China, Russia to hold joint naval drills
Get the Geopolitics newsletter
Daily geopolitics — wars, elections, sanctions, the diplomatic moves that move markets. Free.
- China and Russia announced the annual "Joint Sea-2026" drills will run July 6–13 in the Yellow Sea off Qingdao, with forces from both sides already in port and a follow-on joint maritime patrol in the Pacific planned afterward.
- China's Northern Theater Command listed two destroyers, a frigate, a submarine, a supply ship and a rescue vessel; the Russian Pacific Fleet said it sent one cruiser, a corvette, a diesel submarine and a rescue vessel.
- The exercises will cover reconnaissance, air and missile defence, surface strikes, anti-submarine warfare, artillery drills and joint rescue operations, according to statements from both militaries.
- Russian Rear Admiral Sergei Sinko told a Qingdao ceremony that "Joint Sea-2026" is aimed at "strengthening the strategic partnership" and ensuring regional "peace and stability," per TASS.

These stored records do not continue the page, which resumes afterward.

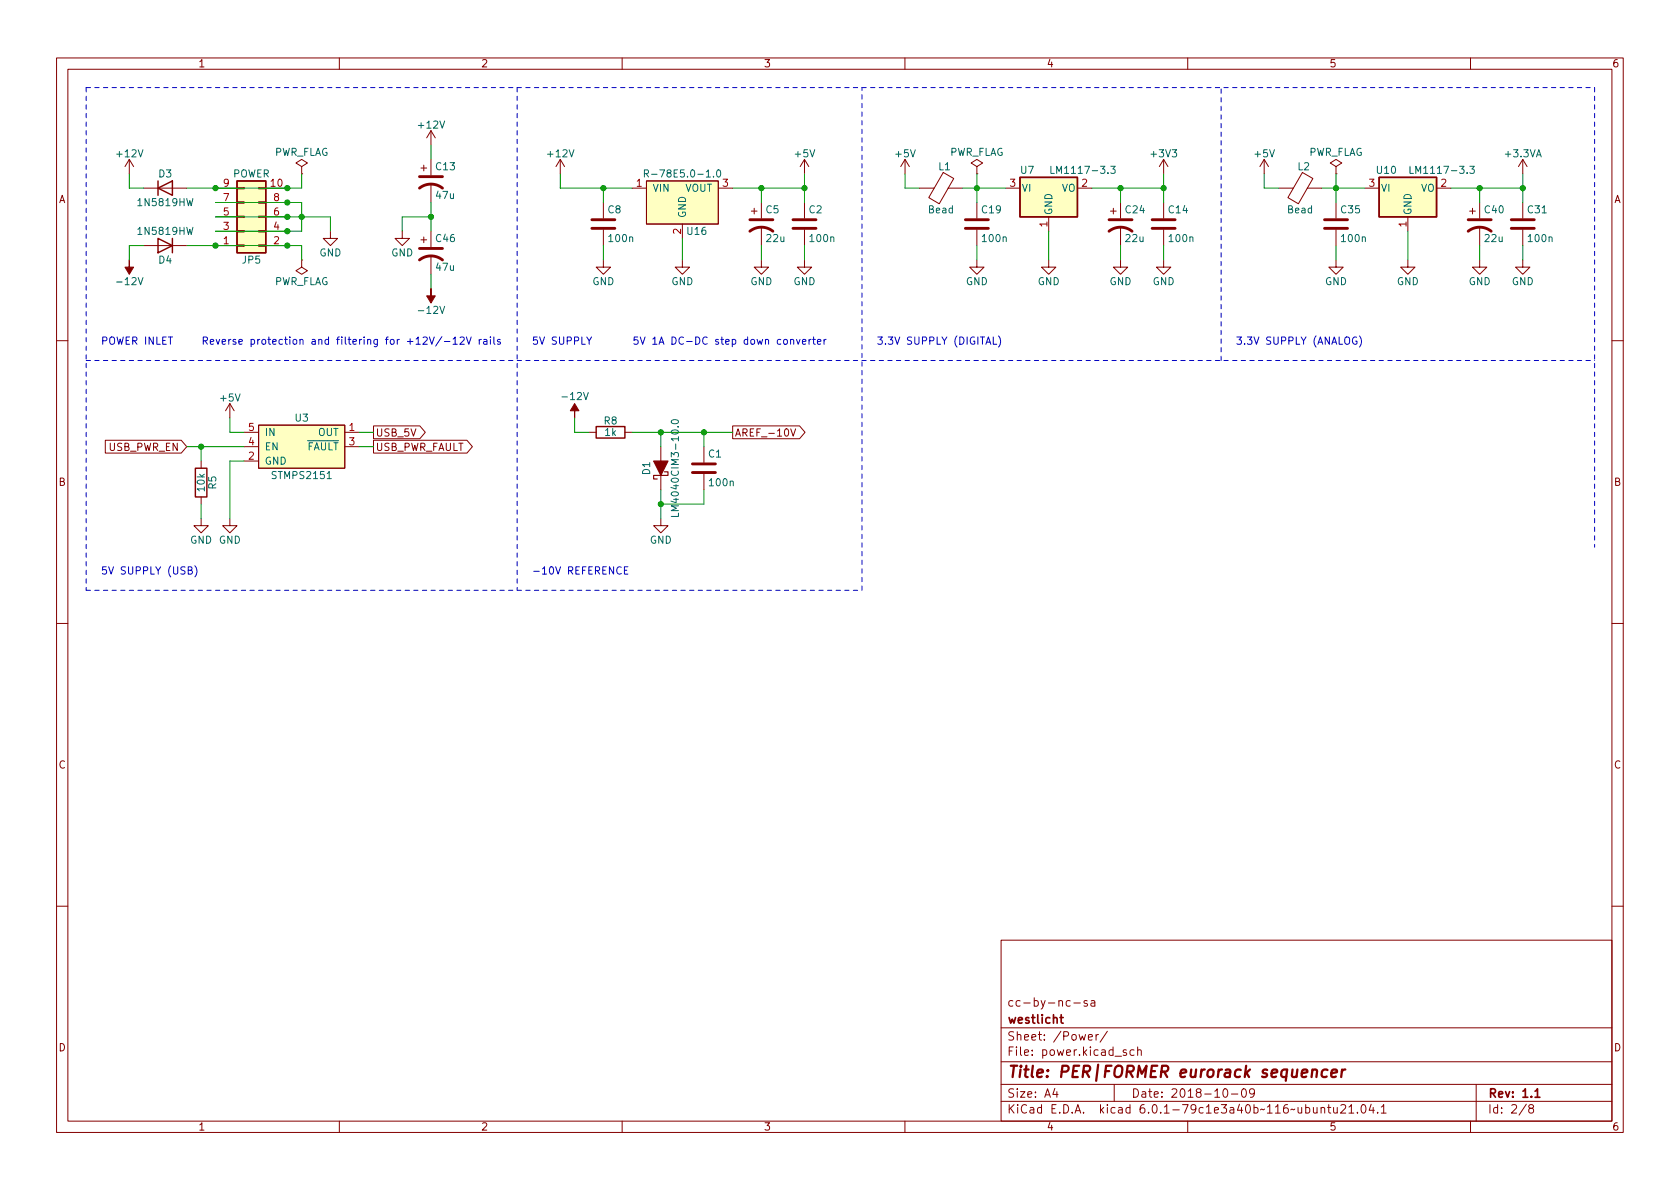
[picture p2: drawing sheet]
<svg xmlns="http://www.w3.org/2000/svg" width="297mm" height="210mm" viewBox="0 0 297 210" stroke-linecap="round" stroke-linejoin="round" font-family="sans-serif">
<g fill="none" stroke="#840000" stroke-width=".18">
<path d="M10 10.2h277v190.1h-277zM12 12.2h273v186.1h-273zM60 10.2v2M110 10.2v2M160 10.2v2M210 10.2v2M260 10.2v2M22.9 28.2l-.8 1.3M22.9 28.2v2.5M22.9 28.2l.7 1.3M25.4 33.3h7.6M38.1 33.3h3.8"/>
<path d="M38.1 38.3h3.8M38.1 35.8h3.8M41.9 33.1h1.3v.3h-1.3zM41.9 35.7h1.3v.2h-1.3zM41.9 38.2h1.3v.3h-1.3zM45.7 33.1h1.3v.3h-1.3zM45.7 35.7h1.3v.2h-1.3zM45.7 38.2h1.3v.3h-1.3zM47 33.3h3.8M47 38.3h3.8M47 35.8h3.8M53.3 29.5l1.1-.7-1.1-.6-1 .6 1 .7v1.2"/>
<path d="M53.3 30.7h.1M74.4 29.7h1M74.9 29.2v1M76.2 23.1l-.8 1.3M76.2 23.1v2.5M76.2 28.2v2.8M76.2 32.5v3.3M76.2 23.1l.8 1.3M99.1 28.2l-.8 1.3M99.1 28.2v2.5M99.1 28.2l.7 1.3M106.7 35.8v2.8"/>
<path d="M111.8 33.3h2.5M114.3 32h12.7v7.6h-12.7zM120.6 39.6v2.6M127 33.3h2.5M132.8 37.3h1.1M133.3 36.8v1M134.6 35.8v2.8M142.2 28.2v2.5M142.2 35.8v2.8M142.2 28.2l-.7 1.3M142.2 28.2l.8 1.3M160 28.2v2.5"/>
<path d="M160 28.2l-.7 1.3M160 28.2l.8 1.3M162.6 33.3h2.6M166.8 30.5l1.8 1.1-2.5 4.4-1.9-1.1zM167.6 33.3h2.6M172.7 29.5l1-.7-1-.6-1 .6 1 .7v1.2M172.7 30.7h.1M172.7 35.8v2.8M177.8 33.3h2.5M185.4 38.3v2.6M190.5 33.3h2.5M196.3 37.3h1.1"/>
<path d="M196.8 36.8v1M198.1 35.8v2.8M205.7 28.2v2.5M205.7 35.8v2.8M205.7 28.2l-.7 1.3M205.7 28.2l.8 1.3M223.5 28.2l-.7 1.3M223.5 28.2v2.5M223.5 28.2l.8 1.3M226.1 33.3h2.6M230.3 30.5l1.8 1.1-2.5 4.4-1.9-1.1zM231.1 33.3h2.6"/>
<path d="M236.2 29.5l1-.7-1-.6-1 .6 1 .7v1.2M236.2 30.7h.1M236.2 35.8v2.8M241.3 33.3h2.5M248.9 38.3v2.6M254 33.3h2.5M259.8 37.3h1.1M260.3 36.8v1M261.6 35.8v2.8M269.2 28.2v2.5M269.2 35.8v2.8M269.2 28.2l-.7 1.3"/>
<path d="M269.2 28.2l.8 1.3M25.4 43.4h7.6M38.1 43.4h3.8M38.1 40.9h3.8M41.9 40.8h1.3v.2h-1.3zM41.9 43.3h1.3v.3h-1.3zM45.7 40.8h1.3v.2h-1.3zM45.7 43.3h1.3v.3h-1.3zM47 43.4h3.8M47 40.9h3.8M53.3 46v1.2l1.1 .7-1.1 .6-1-.6 1-.7M53.3 46h.1"/>
<path d="M58.4 40.9v1.3h1.3l-1.3 1.2-1.3-1.2h1.3M71.1 40.9v1.3h1.3l-1.3 1.2-1.3-1.2h1.3M74.4 42.4h1M74.9 41.9v1M76.2 40.9v2.8M76.2 45.2v3.3M106.7 46v1.2h1.2l-1.2 1.3-1.3-1.3h1.3M106.7 40.6v2.8M120.6 46v1.2h1.3l-1.3 1.3-1.2-1.3h1.2M134.6 46v1.2h1.3l-1.3 1.3-1.3-1.3h1.3M134.6 40.1v3.3M142.2 46v1.2h1.3l-1.3 1.3-1.2-1.3h1.2"/>
<path d="M142.2 40.6v2.8M172.7 46v1.2h1.3l-1.3 1.3-1.3-1.3h1.3M172.7 40.6v2.8M185.4 46v1.2h1.3l-1.3 1.3-1.3-1.3h1.3M198.1 46v1.2h1.3l-1.3 1.3-1.3-1.3h1.3M198.1 40.1v3.3M205.7 46v1.2h1.3l-1.3 1.3-1.2-1.3h1.2M205.7 40.6v2.8M236.2 46v1.2h1.3l-1.3 1.3-1.3-1.3h1.3M236.2 40.6v2.8M248.9 46v1.2h1.3l-1.3 1.3-1.3-1.3h1.3M261.6 46v1.2h1.3l-1.3 1.3-1.3-1.3h1.3"/>
<path d="M261.6 40.1v3.3M269.2 46v1.2h1.3l-1.3 1.3-1.2-1.3h1.2M269.2 40.6v2.8M10 60.2h2M18.6 77.9h13.4l1 1.1-1 1.1h-13.4zM40.6 71.4l-.7 1.2M40.6 71.4v2.5M40.6 71.4l.8 1.2M43.2 76.4h2.5M43.2 79h2.5M45.7 75.2h15.3v7.6h-15.3zM61 76.4h2.5"/>
<path d="M61 79h2.5M66 77.9h16.6l.9 1.1-.9 1.1h-16.6zM66 75.3h8.2l1 1.1-1 1.2h-8.2zM104.1 76.4h1.3M110.5 76.4h1.3M116.8 79v7.6M124.5 79v2.8M129.5 75.3h11.9l.9 1.1-.9 1.2h-11.9zM139.8 75.8l.4 1.3 .5-1.3M285 60.2h2M35.6 91.7v1.3h1.2l-1.2 1.2-1.3-1.2h1.3M35.6 81.5v1.3"/>
<path d="M35.6 87.9v1.2M40.6 91.7v1.3h1.3l-1.3 1.2-1.2-1.2h1.2M43.2 81.5h2.5M116.8 91.7v1.3h1.3l-1.3 1.2-1.2-1.2h1.2M124.5 83.8v2.8M10 110.2h2M285 110.2h2M10 160.2h2M177 166.3h108v32h-108zM189.9 177.4h1.1M192.2 177l-.3-.1-.3 .2 .1 .3 .5 .1v.4h-.6M192.9 177h.6l.1 .9"/>
<path d="M193.6 177.3l-.5 .1a.29 .29 0 0 0-.2 .2 .29 .29 0 0 0 .2 .3h.5M285 160.2h2M60 198.3v2M110 198.3v2M160 198.3v2M177 194.8h108M177 191.8h108M177 187.8h108M177 181.8h108M186.5 192.5l-.4 1h1M186.9 193v1M192.4 183.4l.7-.1v-.3l-.5-.1-.2 .2 .1 .8h.6"/>
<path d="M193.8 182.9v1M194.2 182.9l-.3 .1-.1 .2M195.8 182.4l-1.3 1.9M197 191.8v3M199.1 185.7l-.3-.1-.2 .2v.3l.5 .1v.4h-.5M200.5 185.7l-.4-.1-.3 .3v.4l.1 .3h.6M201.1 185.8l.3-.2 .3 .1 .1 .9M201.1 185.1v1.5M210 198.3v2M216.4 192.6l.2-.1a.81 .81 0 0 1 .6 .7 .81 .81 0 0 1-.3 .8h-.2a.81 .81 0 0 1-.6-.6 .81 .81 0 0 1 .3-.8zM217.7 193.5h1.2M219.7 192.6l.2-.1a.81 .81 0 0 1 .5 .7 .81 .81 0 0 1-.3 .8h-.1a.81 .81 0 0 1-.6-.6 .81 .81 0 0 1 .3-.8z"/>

- The drills come roughly two months after Putin visited China, where Putin called bilateral ties "unprecedentedly high" and Xi Jinping described an "unyielding" partnership.
- Beijing has never condemned Russia's 2022 invasion of Ukraine and insists it is a neutral party calling for peace talks, though many Western allies believe China has materially supported Moscow's war effort.
- The "Joint Sea" series has been held since 2012; last year's edition near Vladivostok was also followed by joint Pacific patrols.
Why it matters: Western governments view the deepening China-Russia military partnership with suspicion as Moscow's war grinds on, and the post-exercise Pacific patrol extends the drills' operational reach beyond a routine Yellow Sea show of force. Beijing's insistence on neutrality sits in tension with allied assessments that it backs Russia's war effort — making each "Joint Sea" iteration a credibility test for both capitals.